__PROBLEM__: The required output is the exact run of lines below that opens at the line with "#226=DIRECTION('',(1.,0.,0.));" and closes at the line with "#248=DIRECTION('',(1.,0.,0.));".
──────── EXCERPTED DATA ────────
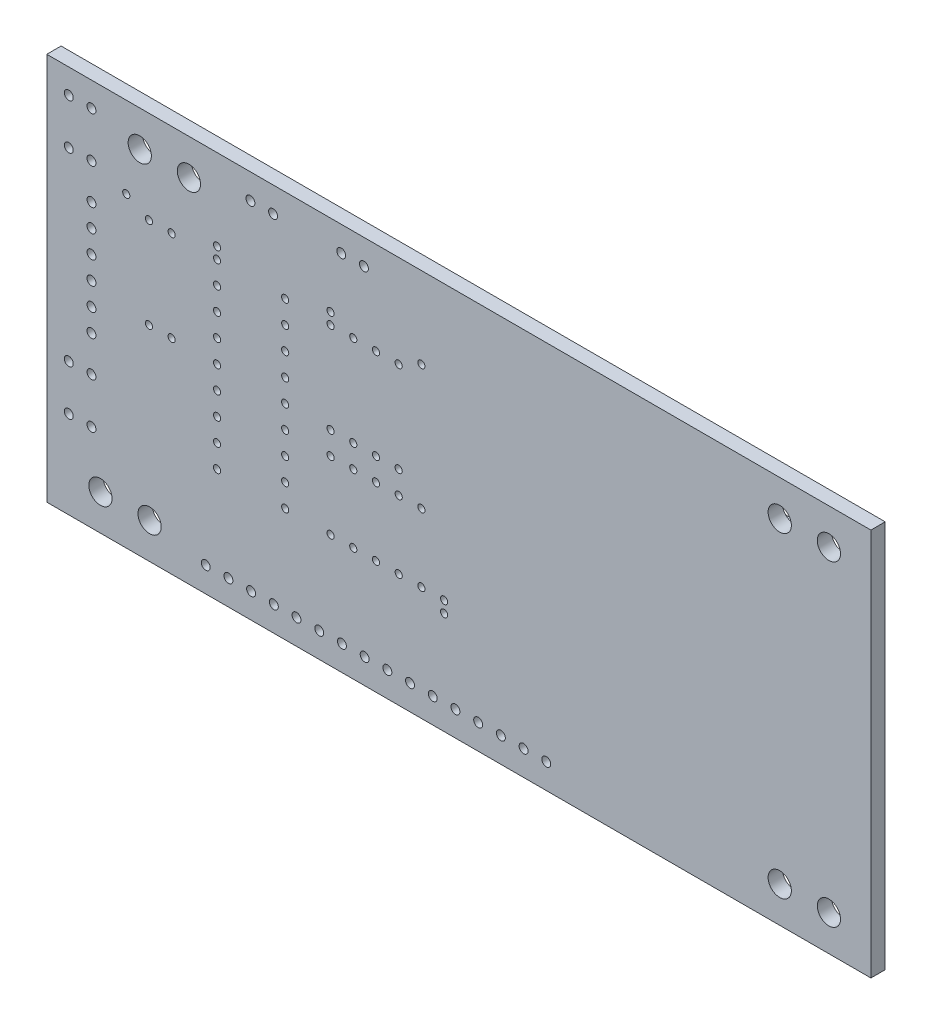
ISO-10303-21;
HEADER;
FILE_DESCRIPTION(('STEP AP214'),'2;1');
FILE_NAME('part.step','',(''),(''),'','','');
FILE_SCHEMA(('AUTOMOTIVE_DESIGN { 1 0 10303 214 1 1 1 1 }'));
ENDSEC;
DATA;
#1=APPLICATION_CONTEXT('core data for automotive mechanical design processes');
#2=APPLICATION_PROTOCOL_DEFINITION('international standard','automotive_design',2000,#1);
#3=PRODUCT_CONTEXT('',#1,'mechanical');
#4=PRODUCT('Part','Part','',(#3));
#5=PRODUCT_RELATED_PRODUCT_CATEGORY('part','',(#4));
#6=PRODUCT_DEFINITION_FORMATION('','',#4);
#7=PRODUCT_DEFINITION_CONTEXT('part definition',#1,'design');
#8=PRODUCT_DEFINITION('design','',#6,#7);
#9=PRODUCT_DEFINITION_SHAPE('','',#8);
#10=(LENGTH_UNIT() NAMED_UNIT(*) SI_UNIT(.MILLI.,.METRE.));
#11=(NAMED_UNIT(*) PLANE_ANGLE_UNIT() SI_UNIT($,.RADIAN.));
#12=(NAMED_UNIT(*) SI_UNIT($,.STERADIAN.) SOLID_ANGLE_UNIT());
#13=UNCERTAINTY_MEASURE_WITH_UNIT(LENGTH_MEASURE(1.E-05),#10,'distance_accuracy_value','');
#14=(GEOMETRIC_REPRESENTATION_CONTEXT(3) GLOBAL_UNCERTAINTY_ASSIGNED_CONTEXT((#13)) GLOBAL_UNIT_ASSIGNED_CONTEXT((#10,
#11,#12)) REPRESENTATION_CONTEXT('',''));
#15=CARTESIAN_POINT('',(0.,0.,0.));
#16=DIRECTION('',(0.,0.,1.));
#17=DIRECTION('',(1.,0.,0.));
#18=AXIS2_PLACEMENT_3D('',#15,#16,#17);
#19=CARTESIAN_POINT('',(0.,43.4,0.));
#20=DIRECTION('',(0.,0.,-1.));
#21=DIRECTION('',(-1.,0.,0.));
#22=AXIS2_PLACEMENT_3D('',#19,#20,#21);
#23=PLANE('',#22);
#24=DIRECTION('',(0.,1.,0.));
#25=VECTOR('',#24,1.);
#26=CARTESIAN_POINT('',(69.4500000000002,32.3,0.));
#27=LINE('',#26,#25);
#28=CARTESIAN_POINT('',(69.4500000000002,26.6119200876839,0.));
#29=VERTEX_POINT('',#28);
#30=CARTESIAN_POINT('',(69.4500000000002,32.3,0.));
#31=VERTEX_POINT('',#30);
#32=EDGE_CURVE('E478',#29,#31,#27,.T.);
#33=ORIENTED_EDGE('',*,*,#32,.F.);
#34=CARTESIAN_POINT('',(72.7500000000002,15.7,0.));
#35=DIRECTION('',(0.,0.,-1.));
#36=DIRECTION('',(-1.,0.,0.));
#37=AXIS2_PLACEMENT_3D('',#34,#35,#36);
#38=CIRCLE('',#37,11.4);
#39=CARTESIAN_POINT('',(76.0500000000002,26.6119200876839,0.));
#40=VERTEX_POINT('',#39);
#41=EDGE_CURVE('E464',#40,#29,#38,.T.);
#42=ORIENTED_EDGE('',*,*,#41,.F.);
#43=DIRECTION('',(0.,-1.,0.));
#44=VECTOR('',#43,1.);
#45=CARTESIAN_POINT('',(76.0500000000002,32.3,0.));
#46=LINE('',#45,#44);
#47=CARTESIAN_POINT('',(76.0500000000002,32.3,0.));
#48=VERTEX_POINT('',#47);
#49=EDGE_CURVE('E483',#48,#40,#46,.T.);
#50=ORIENTED_EDGE('',*,*,#49,.F.);
#51=DIRECTION('',(1.,0.,0.));
#52=VECTOR('',#51,1.);
#53=CARTESIAN_POINT('',(76.0500000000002,32.3,0.));
#54=LINE('',#53,#52);
#55=EDGE_CURVE('E480',#31,#48,#54,.T.);
#56=ORIENTED_EDGE('',*,*,#55,.F.);
#57=EDGE_LOOP('',(#33,#42,#50,#56));
#58=FACE_BOUND('',#57,.T.);
#59=CARTESIAN_POINT('',(41.9100000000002,12.7238027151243,0.));
#60=DIRECTION('',(0.,0.,1.));
#61=DIRECTION('',(1.,0.,0.));
#62=AXIS2_PLACEMENT_3D('',#59,#60,#61);
#63=CIRCLE('',#62,0.400000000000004);
#64=CARTESIAN_POINT('',(42.3100000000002,12.7238027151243,0.));
#65=VERTEX_POINT('',#64);
#66=EDGE_CURVE('E498',#65,#65,#63,.T.);
#67=ORIENTED_EDGE('',*,*,#66,.T.);
#68=EDGE_LOOP('',(#67));
#69=FACE_BOUND('',#68,.T.);
#70=CARTESIAN_POINT('',(41.91,34.3138027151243,0.));
#71=DIRECTION('',(0.,0.,1.));
#72=DIRECTION('',(1.,0.,0.));
#73=AXIS2_PLACEMENT_3D('',#70,#71,#72);
#74=CIRCLE('',#73,0.400000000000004);
#75=CARTESIAN_POINT('',(42.31,34.3138027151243,0.));
#76=VERTEX_POINT('',#75);
#77=EDGE_CURVE('E510',#76,#76,#74,.T.);
#78=ORIENTED_EDGE('',*,*,#77,.T.);
#79=EDGE_LOOP('',(#78));
#80=FACE_BOUND('',#79,.T.);
#81=CARTESIAN_POINT('',(39.3700000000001,20.3438027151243,0.));
#82=DIRECTION('',(0.,0.,1.));
#83=DIRECTION('',(1.,0.,0.));
#84=AXIS2_PLACEMENT_3D('',#81,#82,#83);
#85=CIRCLE('',#84,0.399999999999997);
#86=CARTESIAN_POINT('',(39.7700000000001,20.3438027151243,0.));
#87=VERTEX_POINT('',#86);
#88=EDGE_CURVE('E522',#87,#87,#85,.T.);
#89=ORIENTED_EDGE('',*,*,#88,.T.);
#90=EDGE_LOOP('',(#89));
#91=FACE_BOUND('',#90,.T.);
#92=CARTESIAN_POINT('',(39.37,33.0438027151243,0.));
#93=DIRECTION('',(0.,0.,1.));
#94=DIRECTION('',(1.,0.,0.));
#95=AXIS2_PLACEMENT_3D('',#92,#93,#94);
#96=CIRCLE('',#95,0.400000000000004);
#97=CARTESIAN_POINT('',(39.77,33.0438027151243,0.));
#98=VERTEX_POINT('',#97);
#99=EDGE_CURVE('E534',#98,#98,#96,.T.);
#100=ORIENTED_EDGE('',*,*,#99,.T.);
#101=EDGE_LOOP('',(#100));
#102=FACE_BOUND('',#101,.T.);
#103=CARTESIAN_POINT('',(36.8300000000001,20.3438027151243,0.));
#104=DIRECTION('',(0.,0.,1.));
#105=DIRECTION('',(1.,0.,0.));
#106=AXIS2_PLACEMENT_3D('',#103,#104,#105);
#107=CIRCLE('',#106,0.399999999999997);
#108=CARTESIAN_POINT('',(37.2300000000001,20.3438027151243,0.));
#109=VERTEX_POINT('',#108);
#110=EDGE_CURVE('E546',#109,#109,#107,.T.);
#111=ORIENTED_EDGE('',*,*,#110,.T.);
#112=EDGE_LOOP('',(#111));
#113=FACE_BOUND('',#112,.T.);
#114=CARTESIAN_POINT('',(36.83,33.0438027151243,0.));
#115=DIRECTION('',(0.,0.,1.));
#116=DIRECTION('',(1.,0.,0.));
#117=AXIS2_PLACEMENT_3D('',#114,#115,#116);
#118=CIRCLE('',#117,0.400000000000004);
#119=CARTESIAN_POINT('',(37.23,33.0438027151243,0.));
#120=VERTEX_POINT('',#119);
#121=EDGE_CURVE('E558',#120,#120,#118,.T.);
#122=ORIENTED_EDGE('',*,*,#121,.T.);
#123=EDGE_LOOP('',(#122));
#124=FACE_BOUND('',#123,.T.);
#125=CARTESIAN_POINT('',(34.2900000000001,20.3438027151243,0.));
#126=DIRECTION('',(0.,0.,1.));
#127=DIRECTION('',(1.,0.,0.));
#128=AXIS2_PLACEMENT_3D('',#125,#126,#127);
#129=CIRCLE('',#128,0.399999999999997);
#130=CARTESIAN_POINT('',(34.6900000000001,20.3438027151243,0.));
#131=VERTEX_POINT('',#130);
#132=EDGE_CURVE('E570',#131,#131,#129,.T.);
#133=ORIENTED_EDGE('',*,*,#132,.T.);
#134=EDGE_LOOP('',(#133));
#135=FACE_BOUND('',#134,.T.);
#136=CARTESIAN_POINT('',(34.29,33.0438027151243,0.));
#137=DIRECTION('',(0.,0.,1.));
#138=DIRECTION('',(1.,0.,0.));
#139=AXIS2_PLACEMENT_3D('',#136,#137,#138);
#140=CIRCLE('',#139,0.400000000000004);
#141=CARTESIAN_POINT('',(34.69,33.0438027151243,0.));
#142=VERTEX_POINT('',#141);
#143=EDGE_CURVE('E582',#142,#142,#140,.T.);
#144=ORIENTED_EDGE('',*,*,#143,.T.);
#145=EDGE_LOOP('',(#144));
#146=FACE_BOUND('',#145,.T.);
#147=CARTESIAN_POINT('',(31.7500000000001,20.3438027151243,0.));
#148=DIRECTION('',(0.,0.,1.));
#149=DIRECTION('',(1.,0.,0.));
#150=AXIS2_PLACEMENT_3D('',#147,#148,#149);
#151=CIRCLE('',#150,0.400000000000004);
#152=CARTESIAN_POINT('',(32.1500000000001,20.3438027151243,0.));
#153=VERTEX_POINT('',#152);
#154=EDGE_CURVE('E594',#153,#153,#151,.T.);
#155=ORIENTED_EDGE('',*,*,#154,.T.);
#156=EDGE_LOOP('',(#155));
#157=FACE_BOUND('',#156,.T.);
#158=CARTESIAN_POINT('',(31.75,33.0438027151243,0.));
#159=DIRECTION('',(0.,0.,1.));
#160=DIRECTION('',(1.,0.,0.));
#161=AXIS2_PLACEMENT_3D('',#158,#159,#160);
#162=CIRCLE('',#161,0.400000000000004);
#163=CARTESIAN_POINT('',(32.15,33.0438027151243,0.));
#164=VERTEX_POINT('',#163);
#165=EDGE_CURVE('E606',#164,#164,#162,.T.);
#166=ORIENTED_EDGE('',*,*,#165,.T.);
#167=EDGE_LOOP('',(#166));
#168=FACE_BOUND('',#167,.T.);
#169=CARTESIAN_POINT('',(26.6700000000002,12.7238027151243,0.));
#170=DIRECTION('',(0.,0.,1.));
#171=DIRECTION('',(1.,0.,0.));
#172=AXIS2_PLACEMENT_3D('',#169,#170,#171);
#173=CIRCLE('',#172,0.399999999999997);
#174=CARTESIAN_POINT('',(27.0700000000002,12.7238027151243,0.));
#175=VERTEX_POINT('',#174);
#176=EDGE_CURVE('E618',#175,#175,#173,.T.);
#177=ORIENTED_EDGE('',*,*,#176,.T.);
#178=EDGE_LOOP('',(#177));
#179=FACE_BOUND('',#178,.T.);
#180=CARTESIAN_POINT('',(26.6700000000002,17.8038027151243,0.));
#181=DIRECTION('',(0.,0.,1.));
#182=DIRECTION('',(1.,0.,0.));
#183=AXIS2_PLACEMENT_3D('',#180,#181,#182);
#184=CIRCLE('',#183,0.400000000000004);
#185=CARTESIAN_POINT('',(27.0700000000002,17.8038027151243,0.));
#186=VERTEX_POINT('',#185);
#187=EDGE_CURVE('E630',#186,#186,#184,.T.);
#188=ORIENTED_EDGE('',*,*,#187,.T.);
#189=EDGE_LOOP('',(#188));
#190=FACE_BOUND('',#189,.T.);
#191=CARTESIAN_POINT('',(26.6700000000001,22.8838027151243,0.));
#192=DIRECTION('',(0.,0.,1.));
#193=DIRECTION('',(1.,0.,0.));
#194=AXIS2_PLACEMENT_3D('',#191,#192,#193);
#195=CIRCLE('',#194,0.399999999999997);
#196=CARTESIAN_POINT('',(27.0700000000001,22.8838027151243,0.));
#197=VERTEX_POINT('',#196);
#198=EDGE_CURVE('E642',#197,#197,#195,.T.);
#199=ORIENTED_EDGE('',*,*,#198,.T.);
#200=EDGE_LOOP('',(#199));
#201=FACE_BOUND('',#200,.T.);
#202=CARTESIAN_POINT('',(26.6700000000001,27.9638027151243,0.));
#203=DIRECTION('',(0.,0.,1.));
#204=DIRECTION('',(1.,0.,0.));
#205=AXIS2_PLACEMENT_3D('',#202,#203,#204);
#206=CIRCLE('',#205,0.399999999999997);
#207=CARTESIAN_POINT('',(27.0700000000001,27.9638027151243,0.));
#208=VERTEX_POINT('',#207);
#209=EDGE_CURVE('E654',#208,#208,#206,.T.);
#210=ORIENTED_EDGE('',*,*,#209,.T.);
#211=EDGE_LOOP('',(#210));
#212=FACE_BOUND('',#211,.T.);
#213=CARTESIAN_POINT('',(26.67,33.0438027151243,0.));
#214=DIRECTION('',(0.,0.,1.));
#215=DIRECTION('',(1.,0.,0.));
#216=AXIS2_PLACEMENT_3D('',#213,#214,#215);
#217=CIRCLE('',#216,0.400000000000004);
#218=CARTESIAN_POINT('',(27.07,33.0438027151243,0.));
#219=VERTEX_POINT('',#218);
#220=EDGE_CURVE('E666',#219,#219,#217,.T.);
#221=ORIENTED_EDGE('',*,*,#220,.T.);
#222=EDGE_LOOP('',(#221));
#223=FACE_BOUND('',#222,.T.);
#224=CARTESIAN_POINT('',(5.00000000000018,29.0438027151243,0.));
#225=DIRECTION('',(0.,0.,1.));
#226=DIRECTION('',(1.,0.,0.));
#227=AXIS2_PLACEMENT_3D('',#224,#225,#226);
#228=CIRCLE('',#227,0.500000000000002);
#229=CARTESIAN_POINT('',(5.50000000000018,29.0438027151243,0.));
#230=VERTEX_POINT('',#229);
#231=EDGE_CURVE('E678',#230,#230,#228,.T.);
#232=ORIENTED_EDGE('',*,*,#231,.T.);
#233=EDGE_LOOP('',(#232));
#234=FACE_BOUND('',#233,.T.);
#235=CARTESIAN_POINT('',(5.00000000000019,23.9638027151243,0.));
#236=DIRECTION('',(0.,0.,1.));
#237=DIRECTION('',(1.,0.,0.));
#238=AXIS2_PLACEMENT_3D('',#235,#236,#237);
#239=CIRCLE('',#238,0.500000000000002);
#240=CARTESIAN_POINT('',(5.5000000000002,23.9638027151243,0.));
#241=VERTEX_POINT('',#240);
#242=EDGE_CURVE('E690',#241,#241,#239,.T.);
#243=ORIENTED_EDGE('',*,*,#242,.T.);
#244=EDGE_LOOP('',(#243));
#245=FACE_BOUND('',#244,.T.);
#246=CARTESIAN_POINT('',(44.4500000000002,11.4538027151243,0.));
#247=DIRECTION('',(0.,0.,1.));
#248=DIRECTION('',(1.,0.,0.));
#249=AXIS2_PLACEMENT_3D('',#246,#247,#248);
#250=CIRCLE('',#249,0.400000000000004);
#251=CARTESIAN_POINT('',(44.8500000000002,11.4538027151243,0.));
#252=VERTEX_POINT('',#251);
────────
__RESPONSE BOX__:
#226=DIRECTION('',(1.,0.,0.));
#227=AXIS2_PLACEMENT_3D('',#224,#225,#226);
#228=CIRCLE('',#227,0.500000000000002);
#229=CARTESIAN_POINT('',(5.50000000000018,29.0438027151243,0.));
#230=VERTEX_POINT('',#229);
#231=EDGE_CURVE('E678',#230,#230,#228,.T.);
#232=ORIENTED_EDGE('',*,*,#231,.T.);
#233=EDGE_LOOP('',(#232));
#234=FACE_BOUND('',#233,.T.);
#235=CARTESIAN_POINT('',(5.00000000000019,23.9638027151243,0.));
#236=DIRECTION('',(0.,0.,1.));
#237=DIRECTION('',(1.,0.,0.));
#238=AXIS2_PLACEMENT_3D('',#235,#236,#237);
#239=CIRCLE('',#238,0.500000000000002);
#240=CARTESIAN_POINT('',(5.5000000000002,23.9638027151243,0.));
#241=VERTEX_POINT('',#240);
#242=EDGE_CURVE('E690',#241,#241,#239,.T.);
#243=ORIENTED_EDGE('',*,*,#242,.T.);
#244=EDGE_LOOP('',(#243));
#245=FACE_BOUND('',#244,.T.);
#246=CARTESIAN_POINT('',(44.4500000000002,11.4538027151243,0.));
#247=DIRECTION('',(0.,0.,1.));
#248=DIRECTION('',(1.,0.,0.));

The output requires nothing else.